Even the story the Cosmos tell of the ancient civilization and their Weather Machine supplies motivations for Battra that the Cosmos and Mothra really do not know. It isn't until near the climax of this film where Mothra and Battra have a meeting of the minds. The Cosmos say the ancient Earth was angry and prideful, thus punished humans for daring to make a weather machine. However, there is no proof of that. What we do know is that the Weather Machine created a dangerous store up of energy and unspent storms. When Battra destroyed the machine, that unspent energy was unleashed. The unspent energy was growing over time. If Battra had done nothing, and 100 years later the Weather Machine experienced an outtage, the resulting storms would have been even more destructive. This is to say, though Battra's actions ended up slaying 99% of humans, Battra saved the human race.

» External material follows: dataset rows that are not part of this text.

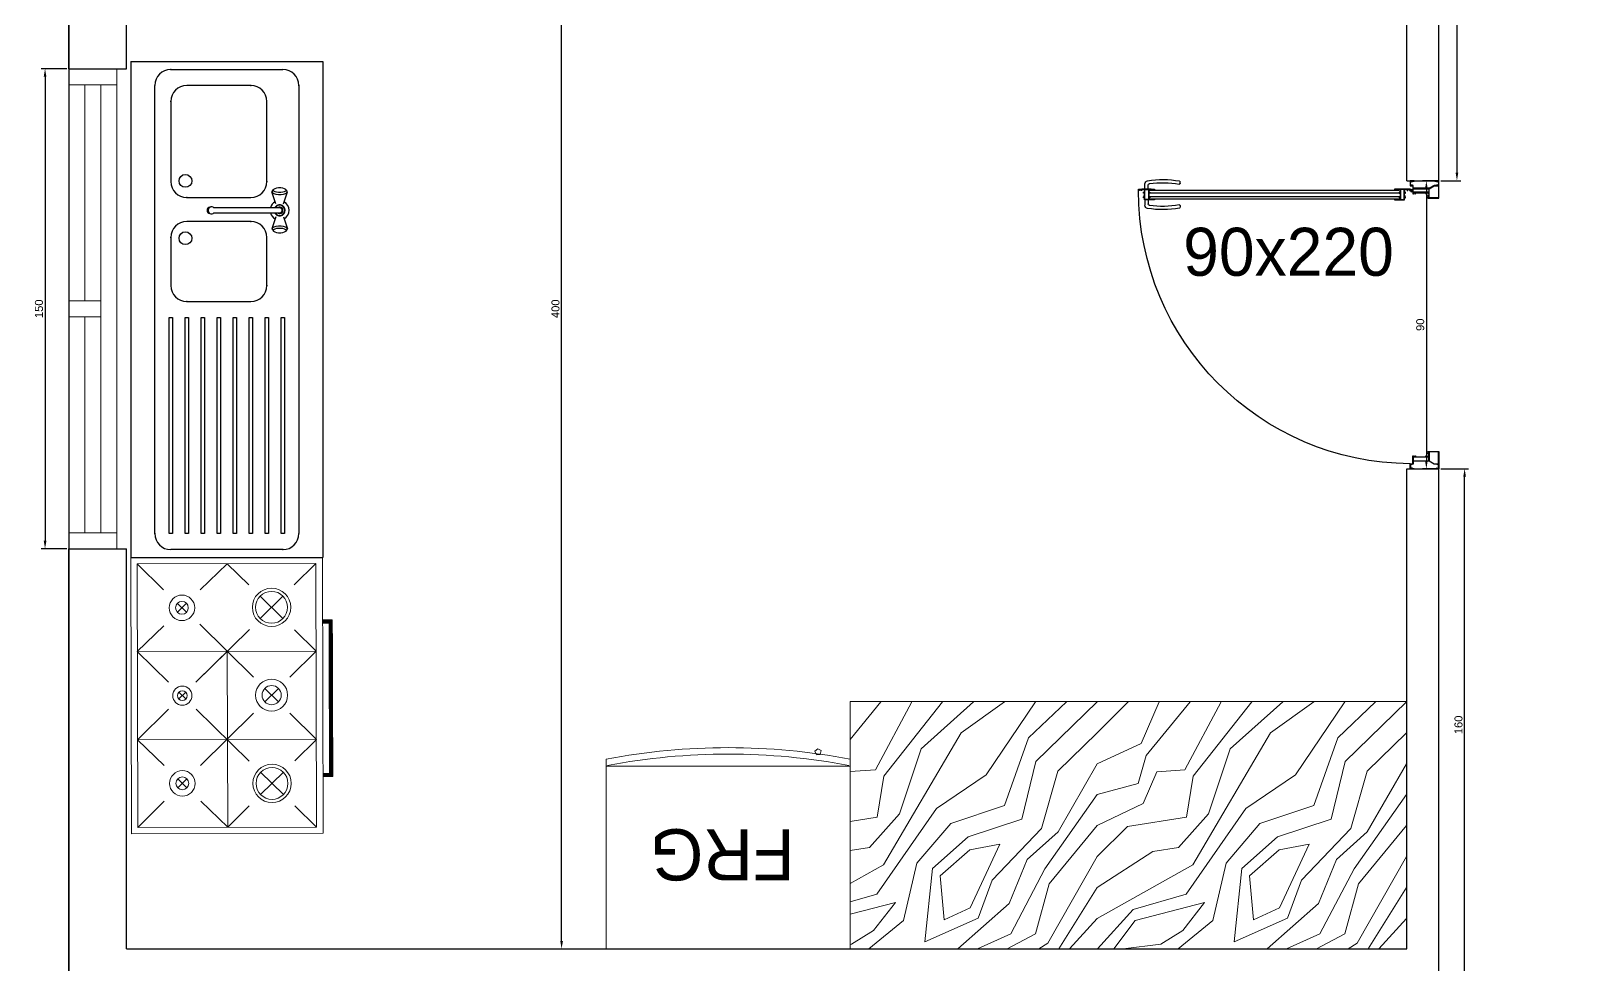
# Model space of a CAD drawing. Header units: millimetres. Extents: x -3817 to 5248, y 289 to 3424.
# Drawn here: x 1552.4 to 2037.2, y 1747.1 to 2038.9 of the extents above; entities that cross this region are included whole.
import ezdxf

# ---------------------------------------------------------------- set-up
doc = ezdxf.new("R2010")
doc.units = ezdxf.units.MM
for name, color, linetype, lineweight in [('1 Amenagament', 8, 'Continuous', 9), ('1 FENETRES', 191, 'Continuous', 15), ('1 Porte', 30, 'Continuous', 25), ('AMENAGEMENT', 8, 'Continuous', 9), ('FENETRE', 191, 'Continuous', 5), ('PORTES', 30, 'Continuous', 25), ('SANITAIRES', 4, 'Continuous', 25)]:
    doc.layers.add(name, color=color, linetype=linetype, lineweight=lineweight)
doc.styles.add('GENERATED_STYLE_2', font='GOTHIC.TTF')
doc.styles.get("Standard").update_dxf_attribs({"font": 'arial.ttf'})
doc.dimstyles.new('ISO-25', dxfattribs={"dimtxt": 2.5, "dimasz": 2.5, "dimexe": 1.25, "dimexo": 0.625, "dimtad": 1, "dimtxsty": 'Standard', "dimcen": 2.5, "dimadec": 0, "dimazin": 0, "dimtfac": 1, "dimtmove": 0, "dimatfit": 3, "dimfxl": 1, "dimarcsym": 0})

# ---------------------------------------------------------------- blocks, each defined once
blk = doc.blocks.new('gf')
at = {"layer": '1 Porte', "ltscale": 3}
for p, q in [((-96.5316, -38.6274), (-96.5127, -38.6086)), ((-96.519, -38.6149), (-96.5294, -38.6045)), ((-96.5249, -38.6246), (-97.0161, -39.1159)), ((-97.0101, -39.122), (-96.5188, -38.6307)), ((-97.0028, -39.1293), (-96.5115, -38.638)), ((-96.9986, -39.1335), (-96.5073, -38.6422)), ((-96.5253, -38.6212), (-96.533, -38.6134)), ((-96.504, -38.6424), (-96.4963, -38.6502)), ((-96.4977, -38.6362), (-96.4873, -38.6466)), ((-96.5995, -38.6726), (-96.6026, -38.6695)), ((-96.5556, -38.7166), (-96.5526, -38.7197)), ((-97.0644, -39.1272), (-97.0563, -39.119)), ((-97.0635, -39.1281), (-97.0644, -39.1272)), ((-97.0593, -39.124), (-97.0635, -39.1281)), ((-97.0584, -39.1249), (-97.0593, -39.124)), ((-97.0563, -39.1209), (-97.0584, -39.123)), ((-97.0584, -39.123), (-97.0574, -39.124)), ((-97.0574, -39.124), (-97.0584, -39.1249)), ((-97.0563, -39.119), (-97.0462, -39.1291)), ((-97.0481, -39.1291), (-97.0563, -39.1209)), ((-97.0462, -39.1291), (-97.0514, -39.1342)), ((-97.0502, -39.1312), (-97.0481, -39.1291)), ((-97.1128, -39.1756), (-97.1047, -39.1674)), ((-97.1037, -39.1684), (-97.1079, -39.1725)), ((-97.1047, -39.1674), (-97.1037, -39.1684)), ((-97.0946, -39.1756), (-97.0792, -39.1715)), ((-97.0792, -39.1715), (-97.0475, -39.1399)), ((-97.0465, -39.1408), (-97.0773, -39.1715)), ((-97.0773, -39.1715), (-97.0704, -39.1785)), ((-97.0704, -39.1785), (-97.0396, -39.1477)), ((-97.0433, -39.1533), (-97.0646, -39.1746)), ((-97.0532, -39.1342), (-97.0512, -39.1322)), ((-97.0475, -39.1399), (-97.0532, -39.1342)), ((-97.0521, -39.1312), (-97.0512, -39.1303)), ((-97.0512, -39.1322), (-97.0521, -39.1312)), ((-97.0514, -39.1342), (-97.0359, -39.1497)), ((-97.0512, -39.1303), (-97.0502, -39.1312)), ((-97.0512, -39.1322), (-97.0512, -39.1322)), ((-97.0396, -39.1477), (-97.0465, -39.1408)), ((-97.0414, -39.1552), (-97.0433, -39.1533)), ((-97.0387, -39.1487), (-97.0425, -39.1525)), ((-97.0387, -39.1487), (-97.0425, -39.1525)), ((-97.0425, -39.1525), (-97.0415, -39.1534)), ((-97.0375, -39.1437), (-97.042, -39.1391)), ((-97.042, -39.1437), (-97.0375, -39.1391)), ((-97.0415, -39.1534), (-97.0406, -39.1525)), ((-97.0397, -39.1535), (-97.0414, -39.1552)), ((-97.0406, -39.1525), (-97.0397, -39.1535)), ((-97.0403, -39.1363), (-97.0375, -39.1391)), ((-97.0377, -39.1496), (-97.0387, -39.1487)), ((-97.0387, -39.1487), (-97.0387, -39.1487)), ((-97.0387, -39.1506), (-97.0377, -39.1496)), ((-97.0377, -39.1515), (-97.0387, -39.1506)), ((-97.0359, -39.1497), (-97.0377, -39.1515)), ((-97.0356, -39.1372), (-97.0375, -39.1391)), ((-96.9969, -39.1319), (-97.0014, -39.1363)), ((-97.0786, -39.2098), (-97.1128, -39.1756)), ((-97.1088, -39.1735), (-97.1109, -39.1756)), ((-97.1109, -39.1756), (-97.1028, -39.1838)), ((-97.1079, -39.1744), (-97.1088, -39.1735)), ((-97.1079, -39.1725), (-97.1069, -39.1735)), ((-97.1069, -39.1735), (-97.1079, -39.1744)), ((-97.1028, -39.1838), (-97.1006, -39.1816)), ((-97.1016, -39.1807), (-97.1006, -39.1797)), ((-97.1006, -39.1816), (-97.1016, -39.1807)), ((-97.1006, -39.1797), (-97.0997, -39.1807)), ((-97.0997, -39.1807), (-97.0946, -39.1756)), ((-97.0569, -39.1882), (-97.0786, -39.2098)), ((-97.0655, -39.1755), (-97.0694, -39.1794)), ((-97.0694, -39.1794), (-97.0685, -39.1803)), ((-97.0685, -39.1803), (-97.0675, -39.1794)), ((-97.0675, -39.1794), (-97.0666, -39.1803)), ((-97.0666, -39.1803), (-97.0675, -39.1813)), ((-97.0675, -39.1813), (-97.0639, -39.1849)), ((-97.0636, -39.1773), (-97.0655, -39.1755)), ((-97.0646, -39.1746), (-97.0636, -39.1756)), ((-97.0639, -39.1849), (-97.062, -39.1831)), ((-97.0636, -39.1756), (-97.0627, -39.1747)), ((-97.0618, -39.1756), (-97.0636, -39.1773)), ((-97.062, -39.1849), (-97.0629, -39.1859)), ((-97.0629, -39.1859), (-97.0597, -39.1891)), ((-97.0627, -39.1747), (-97.0618, -39.1756)), ((-97.062, -39.1831), (-97.062, -39.1831)), ((-97.062, -39.1831), (-97.0601, -39.1849)), ((-97.061, -39.1859), (-97.062, -39.1849)), ((-97.0601, -39.1849), (-97.061, -39.1859)), ((-97.0597, -39.1872), (-97.0588, -39.1863)), ((-97.0588, -39.1882), (-97.0597, -39.1872)), ((-97.0597, -39.1891), (-97.0588, -39.1882)), ((-97.0588, -39.1863), (-97.0569, -39.1882)), ((-96.5597, -39.6853), (-96.5814, -39.707)), ((-96.5607, -39.6882), (-96.5597, -39.6872)), ((-96.5574, -39.6914), (-96.5607, -39.6882)), ((-96.5578, -39.6872), (-96.5597, -39.6853)), ((-96.5597, -39.6872), (-96.5588, -39.6882)), ((-96.5588, -39.6882), (-96.5578, -39.6872)), ((-96.5565, -39.6885), (-96.5574, -39.6895)), ((-96.5574, -39.6895), (-96.5565, -39.6904)), ((-96.5546, -39.6904), (-96.5565, -39.6885)), ((-96.55, -39.6988), (-96.5193, -39.6681)), ((-96.5249, -39.6718), (-96.5461, -39.693)), ((-96.5123, -39.675), (-96.5431, -39.7057)), ((-96.5431, -39.7076), (-96.5114, -39.676)), ((-96.525, -39.6682), (-96.5267, -39.6699)), ((-96.5267, -39.6699), (-96.5249, -39.6718)), ((-96.5241, -39.6691), (-96.525, -39.6682)), ((-96.5249, -39.67), (-96.5241, -39.6691)), ((-96.524, -39.6709), (-96.5249, -39.67)), ((-96.5202, -39.6671), (-96.524, -39.6709)), ((-96.5202, -39.6671), (-96.524, -39.6709)), ((-96.5212, -39.6644), (-96.523, -39.6662)), ((-96.523, -39.6662), (-96.5221, -39.6671)), ((-96.5221, -39.6671), (-96.5211, -39.6662)), ((-96.5058, -39.6798), (-96.5212, -39.6644)), ((-96.5211, -39.6662), (-96.5202, -39.6671)), ((-96.5202, -39.6671), (-96.5202, -39.6671)), ((-96.5193, -39.6681), (-96.5123, -39.675)), ((-96.5114, -39.676), (-96.5057, -39.6816)), ((-96.5006, -39.6747), (-96.5058, -39.6798)), ((-96.5057, -39.6816), (-96.5037, -39.6796)), ((-96.5037, -39.6796), (-96.5037, -39.6796)), ((-96.5037, -39.6796), (-96.5028, -39.6806)), ((-96.5028, -39.6806), (-96.5018, -39.6796)), ((-96.5027, -39.6787), (-96.5006, -39.6766)), ((-96.5018, -39.6796), (-96.5027, -39.6787)), ((-96.4905, -39.6847), (-96.5006, -39.6747)), ((-96.5006, -39.6766), (-96.4924, -39.6847)), ((-96.4955, -39.6878), (-96.4997, -39.692)), ((-96.4987, -39.6929), (-96.4905, -39.6847)), ((-96.4955, -39.6859), (-96.4965, -39.6869)), ((-96.4965, -39.6869), (-96.4955, -39.6878)), ((-96.4946, -39.6869), (-96.4955, -39.6859)), ((-96.4924, -39.6847), (-96.4946, -39.6869)), ((-96.5814, -39.707), (-96.5471, -39.7413)), ((-96.5565, -39.6904), (-96.5574, -39.6914)), ((-96.5565, -39.6923), (-96.5546, -39.6904)), ((-96.5528, -39.696), (-96.5565, -39.6923)), ((-96.5553, -39.7312), (-96.5532, -39.7291)), ((-96.5471, -39.7394), (-96.5553, -39.7312)), ((-96.5546, -39.6904), (-96.5546, -39.6904)), ((-96.5532, -39.7291), (-96.5522, -39.73)), ((-96.5519, -39.695), (-96.5528, -39.696)), ((-96.5522, -39.7281), (-96.5471, -39.723)), ((-96.5513, -39.7291), (-96.5522, -39.7281)), ((-96.5522, -39.73), (-96.5513, -39.7291)), ((-96.551, -39.696), (-96.5519, -39.695)), ((-96.5519, -39.6969), (-96.551, -39.696)), ((-96.551, -39.6979), (-96.5519, -39.6969)), ((-96.547, -39.6939), (-96.551, -39.6979)), ((-96.5431, -39.7057), (-96.55, -39.6988)), ((-96.5472, -39.6903), (-96.5489, -39.692)), ((-96.5489, -39.692), (-96.547, -39.6939)), ((-96.5462, -39.6912), (-96.5472, -39.6903)), ((-96.5471, -39.6921), (-96.5462, -39.6912)), ((-96.5461, -39.693), (-96.5471, -39.6921)), ((-96.5471, -39.723), (-96.5431, -39.7076)), ((-96.5399, -39.7322), (-96.5441, -39.7363)), ((-96.539, -39.7331), (-96.5399, -39.7322)), ((-96.4997, -39.692), (-96.4987, -39.6929)), ((-96.5471, -39.7413), (-96.539, -39.7331)), ((-96.545, -39.7373), (-96.5471, -39.7394)), ((-96.545, -39.7354), (-96.5459, -39.7363)), ((-96.5459, -39.7363), (-96.545, -39.7373)), ((-96.5441, -39.7363), (-96.545, -39.7354))]:
    blk.add_line(p, q, dxfattribs=at)
for points in [[(-96.5175, -38.6541), (-96.5167, -38.6549), (-96.4968, -38.6351), (-96.5009, -38.6311), (-96.499, -38.6292), (-96.5009, -38.6273), (-96.5018, -38.6282), (-96.5009, -38.6292), (-96.5018, -38.6301), (-96.5043, -38.6277), (-96.5033, -38.6267), (-96.5043, -38.6258), (-96.5052, -38.6267), (-96.511, -38.6209), (-96.5101, -38.6199), (-96.5091, -38.6209), (-96.5082, -38.6199), (-96.51, -38.6181), (-96.5119, -38.62), (-96.5171, -38.6148), (-96.5171, -38.6148), (-96.5122, -38.61), (-96.5103, -38.6119), (-96.5084, -38.61), (-96.5094, -38.6091), (-96.5103, -38.61), (-96.5113, -38.6091), (-96.5064, -38.6042), (-96.5055, -38.6052), (-96.5064, -38.6061), (-96.5055, -38.607), (-96.5036, -38.6052), (-96.5055, -38.6033), (-96.5064, -38.6023), (-96.5379, -38.6337), (-96.5369, -38.6347), (-96.5294, -38.6272), (-96.5285, -38.6281), (-96.5274, -38.627), (-96.5283, -38.6261)], [(-96.5285, -38.6262), (-96.5259, -38.6236), (-96.5207, -38.6288), (-96.5226, -38.6307), (-96.5208, -38.6325), (-96.5198, -38.6316), (-96.5208, -38.6306), (-96.5198, -38.6297), (-96.5116, -38.638), (-96.5106, -38.6389), (-96.5116, -38.6398), (-96.5125, -38.6389), (-96.5134, -38.6398), (-96.5116, -38.6417), (-96.5097, -38.6398), (-96.5065, -38.643), (-96.5091, -38.6456), (-96.51, -38.6448), (-96.5109, -38.6457), (-96.51, -38.6466), (-96.51, -38.6466), (-96.5175, -38.6541)], [(-96.9885, -39.1252), (-96.9877, -39.1261), (-97.0075, -39.1459), (-97.0116, -39.1419), (-97.0135, -39.1437), (-97.0154, -39.1419), (-97.0144, -39.1409), (-97.0135, -39.1419), (-97.0125, -39.1409), (-97.015, -39.1385), (-97.0159, -39.1394), (-97.0169, -39.1385), (-97.0159, -39.1375), (-97.0218, -39.1317), (-97.0227, -39.1326), (-97.0218, -39.1336), (-97.0227, -39.1345), (-97.0245, -39.1327), (-97.0226, -39.1308), (-97.0278, -39.1257), (-97.0278, -39.1257), (-97.0326, -39.1305), (-97.0307, -39.1324), (-97.0326, -39.1343), (-97.0336, -39.1333), (-97.0326, -39.1324), (-97.0336, -39.1314), (-97.0384, -39.1363), (-97.0375, -39.1372), (-97.0365, -39.1363), (-97.0356, -39.1372), (-97.0375, -39.1391), (-97.0394, -39.1372), (-97.0403, -39.1363), (-97.0089, -39.1049), (-97.0079, -39.1058), (-97.0154, -39.1133), (-97.0145, -39.1143), (-97.0156, -39.1153), (-97.0165, -39.1144)], [(-97.0164, -39.1143), (-97.019, -39.1169), (-97.0138, -39.122), (-97.0119, -39.1201), (-97.0101, -39.122), (-97.0111, -39.1229), (-97.012, -39.122), (-97.0129, -39.1229), (-97.0047, -39.1312), (-97.0037, -39.1321), (-97.0028, -39.1312), (-97.0037, -39.1302), (-97.0028, -39.1293), (-97.0009, -39.1312), (-97.0028, -39.1331), (-96.9996, -39.1363), (-96.997, -39.1337), (-96.9979, -39.1328), (-96.9969, -39.1319), (-96.9961, -39.1327), (-96.9961, -39.1327), (-96.9885, -39.1252)]]:
    blk.add_lwpolyline(points, dxfattribs=at)
for points in [[(-96.5249, -38.6227), (-96.5056, -38.6421), (-96.4986, -38.6352), (-96.518, -38.6158)], [(-97.0199, -39.1178), (-97.0005, -39.1372), (-97.0075, -39.1441), (-97.0268, -39.1247)], [(-97.1018, -39.1847), (-97.0786, -39.208), (-97.0607, -39.19), (-97.0782, -39.1725), (-97.0935, -39.1764)], [(-96.5563, -39.7303), (-96.5795, -39.707), (-96.5616, -39.6891), (-96.544, -39.7067), (-96.5479, -39.7219)]]:
    blk.add_lwpolyline(points, close=True, dxfattribs=at)
blk.add_circle((-97.0397, -39.1414), 0.0032, dxfattribs=at)
for centre, radius, start, end in [((-96.3809, -38.8224), 0.2711, 126.1688, 144.9376), ((-96.5357, -38.6107), 0.00889, 44.9431, 126.1688), ((-96.5362, -38.6165), 0.00444, 44.9431, 127.2808), ((-96.3746, -38.8287), 0.2711, 127.2808, 144.7734), ((-96.4994, -38.6533), 0.00444, 322.6053, 44.9431), ((-96.4936, -38.6529), 0.00889, 323.7174, 44.9431), ((-96.601, -38.668), 0.00222, 144.9376, 224.9431), ((-96.5979, -38.6711), 0.00222, 224.9431, 324.7734), ((-96.7113, -38.4914), 0.2711, 305.1127, 322.6053), ((-96.705, -38.4977), 0.2711, 304.9486, 323.7174), ((-96.5541, -38.715), 0.00222, 125.1127, 224.9431), ((-96.551, -38.7181), 0.00222, 224.9431, 304.9486)]:
    blk.add_arc(centre, radius, start, end, dxfattribs=at)
at = {"layer": '1 Porte'}
blk.add_arc((-97.0397, -39.1414), 0.7583, 315.3058, 45.0055, dxfattribs=at)
blk = doc.blocks.new('ghtrfgh')
at = {"layer": 'SANITAIRES'}
for p, q in [((9964.55, 4310.26), (9964.55, 4155.26)), ((9964.55, 4310.26), (10024.55, 4310.26)), ((10024.55, 4310.26), (10024.55, 4155.26)), ((9977.05, 4307.76), (10012.05, 4307.76)), ((9972.05, 4162.76), (9972.05, 4302.76)), ((10002.05, 4302.76), (9982.05, 4302.76)), ((10017.05, 4302.76), (10017.05, 4162.76)), ((9977.05, 4297.76), (9977.05, 4272.76)), ((10007.05, 4272.76), (10007.05, 4297.76)), ((9982.05, 4267.76), (10002.05, 4267.76)), ((10008.8, 4269.8), (10008.65, 4269.51)), ((10008.65, 4269.51), (10008.8, 4269.23)), ((10009.85, 4265.77), (10008.65, 4269.51)), ((10008.8, 4269.8), (10009.17, 4270.31)), ((10008.8, 4269.23), (10009.21, 4268.99)), ((10009.17, 4270.31), (10009.05, 4270.08)), ((10009.05, 4270.08), (10009.17, 4269.84)), ((10009.52, 4270.52), (10009.17, 4270.31)), ((10009.17, 4269.84), (10009.52, 4269.64)), ((10009.21, 4268.99), (10009.85, 4268.8)), ((10010.05, 4270.67), (10009.52, 4270.52)), ((10009.52, 4269.64), (10010.05, 4269.49)), ((10009.85, 4268.8), (10010.64, 4268.71)), ((10010.71, 4270.75), (10010.05, 4270.67)), ((10010.05, 4269.49), (10010.71, 4269.4)), ((10010.64, 4268.71), (10011.47, 4268.71)), ((10011.4, 4270.75), (10010.71, 4270.75)), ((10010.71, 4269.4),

We know for a fact that Mothra does not understand Battra until much later in the film. The Cosmos state that Battra is here in the present to penalize polluters, when by the end of the film that is clearly not the case. In fact, Godzilla VS Mothra: Battle for the Earth depends on multiple layers of misdirection regarding character motivations. The Green Aesop is itself another misdirection, setting up the tragedy of Battra's death.

The only evil directly related to pollution is Godzilla, who in this series is canonically created by radiation; either the splash of atomic weapons testing or the sinking of a Soviet submarine. Godzilla is the most satanic he has ever been in any film. However his violence is largely at random, and has no overarching intent of revenge or wraith.

We have seen in Godzilla VS Biollante and Godzilla VS King Ghodirah that humans are capable of checking Godzilla, though not defeating him. To the degree that there is an environmental message that is real in this movie, it is this: Godzilla has mortally wounded Earth's greatest defenders. If Battra is the sword of Earth, Mothra is the shield. And now both are gone, instead of just one. As it happens so often in real life, pollution is ultimately experienced for many as cancer. And that is what Godzilla is; he is cancer eating away at Earth's vitality and security. It is a subtle criticism of Pollution, but as it comes dressed in so many quasi-spiritual moralizings, it is easy to over look an authentically deep message. The shallow messages of environmental protection from so much of the cast are themselves misdirections to set up the awesome revelation of Battra's true intentions.

There is no sudden threshold of environmental destruction that will trigger a planetary smack down. Instead we are slowly undone as our security is compromised. The Earth seems actually indifferent to people and pollution. However, pollution creates Godzilla, and he is the means of our torment, not Battra. The Earth didn't create a monster, humanity did. But it is a monster that can be managed, through vast efforts and cooperation.